The software environment of our experiments includes a workstation with Dual-CPU Intel Xeon E5-2440 (2.40 GHz), 64 GB memory, and 64 bit Windows 10 operation system. Based on Ethereum, a private chain was constructed, after deploying geth-windows-amd64-1.8.8 and Ethereum-Wallet-win64-0-11-1. The difficulty was set to 0 × 20000. The experiments mainly test the security, fault tolerance, and mutual communication of our protocol. The security verification means that when all nodes make the same decision, this new block will be allowed to add to the chain and ensure the attacks of selfish-mining or blockchain-fork never happen in the system. The fault tolerance test verifies the resistance of the protocol to forgery attacks: a new block can only be added, if and only if all honest nodes agree with the addition. The mutual communication test verifies if the protocol can withstand 51% attacks. The experimental results (Figures 2–4) demonstrate that our protocol is effective. The effectiveness of the protocol is not greatly affected, with the growing number of nodes.

Figure 2 

Verification time of security test.

Figure 3 

Verification time of fault tolerance test.

Figure 4 

Verification time of mutual communication test.
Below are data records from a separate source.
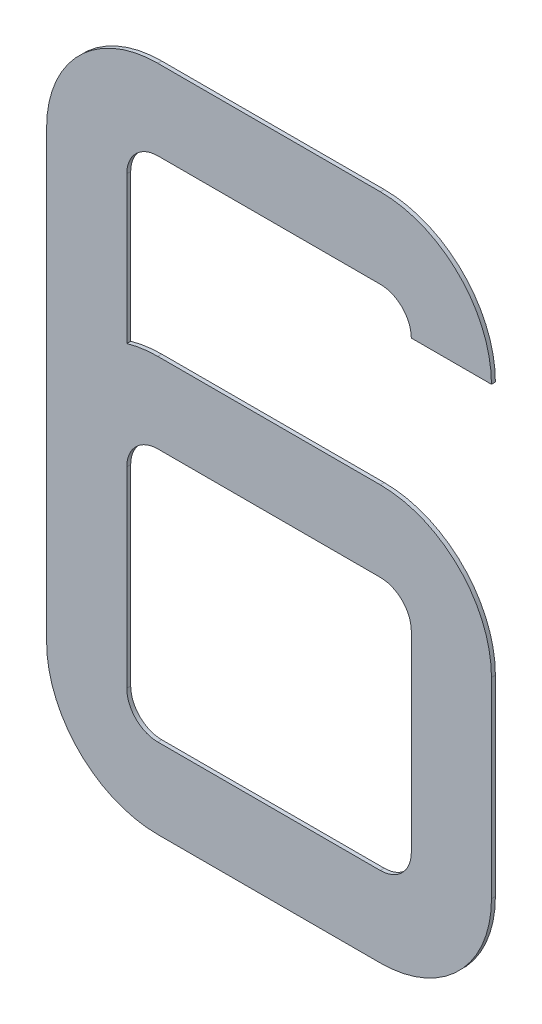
ISO-10303-21;
HEADER;
FILE_DESCRIPTION(('STEP AP214'),'2;1');
FILE_NAME('part.step','',(''),(''),'','','');
FILE_SCHEMA(('AUTOMOTIVE_DESIGN { 1 0 10303 214 1 1 1 1 }'));
ENDSEC;
DATA;
#1=APPLICATION_CONTEXT('core data for automotive mechanical design processes');
#2=APPLICATION_PROTOCOL_DEFINITION('international standard','automotive_design',2000,#1);
#3=PRODUCT_CONTEXT('',#1,'mechanical');
#4=PRODUCT('Part','Part','',(#3));
#5=PRODUCT_RELATED_PRODUCT_CATEGORY('part','',(#4));
#6=PRODUCT_DEFINITION_FORMATION('','',#4);
#7=PRODUCT_DEFINITION_CONTEXT('part definition',#1,'design');
#8=PRODUCT_DEFINITION('design','',#6,#7);
#9=PRODUCT_DEFINITION_SHAPE('','',#8);
#10=(LENGTH_UNIT() NAMED_UNIT(*) SI_UNIT(.MILLI.,.METRE.));
#11=(NAMED_UNIT(*) PLANE_ANGLE_UNIT() SI_UNIT($,.RADIAN.));
#12=(NAMED_UNIT(*) SI_UNIT($,.STERADIAN.) SOLID_ANGLE_UNIT());
#13=UNCERTAINTY_MEASURE_WITH_UNIT(LENGTH_MEASURE(1.E-05),#10,'distance_accuracy_value','');
#14=(GEOMETRIC_REPRESENTATION_CONTEXT(3) GLOBAL_UNCERTAINTY_ASSIGNED_CONTEXT((#13)) GLOBAL_UNIT_ASSIGNED_CONTEXT((#10,
#11,#12)) REPRESENTATION_CONTEXT('',''));
#15=CARTESIAN_POINT('',(0.,0.,0.));
#16=DIRECTION('',(0.,0.,1.));
#17=DIRECTION('',(1.,0.,0.));
#18=AXIS2_PLACEMENT_3D('',#15,#16,#17);
#19=CARTESIAN_POINT('',(2.8305,7.7095,0.1));
#20=DIRECTION('',(0.,0.,1.));
#21=DIRECTION('',(1.,0.,0.));
#22=AXIS2_PLACEMENT_3D('',#19,#20,#21);
#23=PLANE('',#22);
#24=DIRECTION('',(0.,1.,0.));
#25=VECTOR('',#24,1.);
#26=CARTESIAN_POINT('',(5.661,2.8305,0.1));
#27=LINE('',#26,#25);
#28=CARTESIAN_POINT('',(5.661,2.8305,0.1));
#29=VERTEX_POINT('',#28);
#30=CARTESIAN_POINT('',(5.661,7.7095,0.1));
#31=VERTEX_POINT('',#30);
#32=EDGE_CURVE('E261',#29,#31,#27,.T.);
#33=ORIENTED_EDGE('',*,*,#32,.T.);
#34=CARTESIAN_POINT('',(2.8305,7.7095,0.1));
#35=DIRECTION('',(0.,0.,1.));
#36=DIRECTION('',(1.,0.,0.));
#37=AXIS2_PLACEMENT_3D('',#34,#35,#36);
#38=CIRCLE('',#37,2.8305);
#39=CARTESIAN_POINT('',(2.8305,10.54,0.1));
#40=VERTEX_POINT('',#39);
#41=EDGE_CURVE('E355',#31,#40,#38,.T.);
#42=ORIENTED_EDGE('',*,*,#41,.T.);
#43=DIRECTION('',(1.,0.,0.));
#44=VECTOR('',#43,1.);
#45=CARTESIAN_POINT('',(-2.8305,10.54,0.1));
#46=LINE('',#45,#44);
#47=CARTESIAN_POINT('',(-2.8305,10.54,0.1));
#48=VERTEX_POINT('',#47);
#49=EDGE_CURVE('E351',#48,#40,#46,.T.);
#50=ORIENTED_EDGE('',*,*,#49,.F.);
#51=CARTESIAN_POINT('',(-2.8305,7.7095,0.1));
#52=DIRECTION('',(0.,0.,1.));
#53=DIRECTION('',(1.,0.,0.));
#54=AXIS2_PLACEMENT_3D('',#51,#52,#53);
#55=CIRCLE('',#54,2.8305);
#56=CARTESIAN_POINT('',(-3.621,10.4273741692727,0.1));
#57=VERTEX_POINT('',#56);
#58=EDGE_CURVE('E348',#48,#57,#55,.T.);
#59=ORIENTED_EDGE('',*,*,#58,.T.);
#60=DIRECTION('',(0.,1.,0.));
#61=VECTOR('',#60,1.);
#62=CARTESIAN_POINT('',(-3.621,10.4273741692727,0.1));
#63=LINE('',#62,#61);
#64=CARTESIAN_POINT('',(-3.621,14.1695,0.1));
#65=VERTEX_POINT('',#64);
#66=EDGE_CURVE('E345',#57,#65,#63,.T.);
#67=ORIENTED_EDGE('',*,*,#66,.T.);
#68=CARTESIAN_POINT('',(-2.8305,14.1695,0.1));
#69=DIRECTION('',(0.,0.,1.));
#70=DIRECTION('',(1.,0.,0.));
#71=AXIS2_PLACEMENT_3D('',#68,#69,#70);
#72=CIRCLE('',#71,0.7905);
#73=CARTESIAN_POINT('',(-2.8305,14.96,0.1));
#74=VERTEX_POINT('',#73);
#75=EDGE_CURVE('E341',#74,#65,#72,.T.);
#76=ORIENTED_EDGE('',*,*,#75,.F.);
#77=DIRECTION('',(1.,0.,0.));
#78=VECTOR('',#77,1.);
#79=CARTESIAN_POINT('',(-2.8305,14.96,0.1));
#80=LINE('',#79,#78);
#81=CARTESIAN_POINT('',(2.8305,14.96,0.1));
#82=VERTEX_POINT('',#81);
#83=EDGE_CURVE('E338',#74,#82,#80,.T.);
#84=ORIENTED_EDGE('',*,*,#83,.T.);
#85=CARTESIAN_POINT('',(2.8305,14.1695,0.1));
#86=DIRECTION('',(0.,0.,1.));
#87=DIRECTION('',(1.,0.,0.));
#88=AXIS2_PLACEMENT_3D('',#85,#86,#87);
#89=CIRCLE('',#88,0.7905);
#90=CARTESIAN_POINT('',(3.621,14.1695,0.1));
#91=VERTEX_POINT('',#90);
#92=EDGE_CURVE('E334',#91,#82,#89,.T.);
#93=ORIENTED_EDGE('',*,*,#92,.F.);
#94=DIRECTION('',(1.,0.,0.));
#95=VECTOR('',#94,1.);
#96=CARTESIAN_POINT('',(3.621,14.1695,0.1));
#97=LINE('',#96,#95);
#98=CARTESIAN_POINT('',(5.661,14.1695,0.1));
#99=VERTEX_POINT('',#98);
#100=EDGE_CURVE('E331',#91,#99,#97,.T.);
#101=ORIENTED_EDGE('',*,*,#100,.T.);
#102=CARTESIAN_POINT('',(2.8305,14.1695,0.1));
#103=DIRECTION('',(0.,0.,1.));
#104=DIRECTION('',(1.,0.,0.));
#105=AXIS2_PLACEMENT_3D('',#102,#103,#104);
#106=CIRCLE('',#105,2.8305);
#107=CARTESIAN_POINT('',(2.8305,17.,0.1));
#108=VERTEX_POINT('',#107);
#109=EDGE_CURVE('E328',#99,#108,#106,.T.);
#110=ORIENTED_EDGE('',*,*,#109,.T.);
#111=DIRECTION('',(-1.,0.,0.));
#112=VECTOR('',#111,1.);
#113=CARTESIAN_POINT('',(2.8305,17.,0.1));
#114=LINE('',#113,#112);
#115=CARTESIAN_POINT('',(-2.8305,17.,0.1));
#116=VERTEX_POINT('',#115);
#117=EDGE_CURVE('E325',#108,#116,#114,.T.);
#118=ORIENTED_EDGE('',*,*,#117,.T.);
#119=CARTESIAN_POINT('',(-2.8305,14.1695,0.1));
#120=DIRECTION('',(0.,0.,1.));
#121=DIRECTION('',(1.,0.,0.));
#122=AXIS2_PLACEMENT_3D('',#119,#120,#121);
#123=CIRCLE('',#122,2.8305);
#124=CARTESIAN_POINT('',(-5.661,14.1695,0.1));
#125=VERTEX_POINT('',#124);
#126=EDGE_CURVE('E322',#116,#125,#123,.T.);
#127=ORIENTED_EDGE('',*,*,#126,.T.);
#128=DIRECTION('',(0.,-1.,0.));
#129=VECTOR('',#128,1.);
#130=CARTESIAN_POINT('',(-5.661,14.1695,0.1));
#131=LINE('',#130,#129);
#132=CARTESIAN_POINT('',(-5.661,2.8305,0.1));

Our consensus mechanism does not rely on the hash algorithm in the classical blockchain, but the quantum measurement theory and the quantum non-cloning theory, to resist 51% attacks. The traditional blockchain system has the disadvantages of low throughput, long time delay, and high energy consumption. Taking the Bitcoin system as an example, its throughput only allows about 10 transactions per second, and each transaction needs to wait about 10 min to be confirmed. If the transaction is large, the waiting time may reach 1 h. In addition, the system consumes a lot of computing power and energy during the competition of miners. As shown in Figures 2–4, our mechanism can greatly suppress computing power and energy consumption, increase the throughput, and reduce the time delay.

6. Conclusions

This paper devises a novel consensus protocol, drawing on the stochasticity, irreversibility, and uncertainty of quantum measurement. Without relying on mathematical proofs and complex mathematical computations, the protocol improves the communication between the two parties of authentication, making the authentication more effective. Since the ciphertext is transmitted in quantum state, the security of ciphertext communication is thus assured, even if the text is eavesdropped multiple times by the attacker. Hence, the consensus mechanism is unconditional and reliable. Compared with the consensus mechanisms based on classic encryption algorithms, the proposed protocol requires relatively few computing resources, consumes only a few energies and a short time, leads to a short time delay, and achieves a high throughput. Experimental results demonstrate that our consensus protocol improves the success rate and effectiveness of the blockchain in resisting quantum attacks and solves a thorny problem of the classic consensus mechanisms: the inability to withstand 51% attacks.

Data Availability

The data used to support the findings of this study are available from the corresponding author upon request.

Conflicts of Interest

The authors declare that they have no conflicts of interest.

Acknowledgments

This study was supported by 2020 Foundation of Improving Academic Ability in University for Young Scholars of Guangxi (2020KY31023 and 2020KY31024).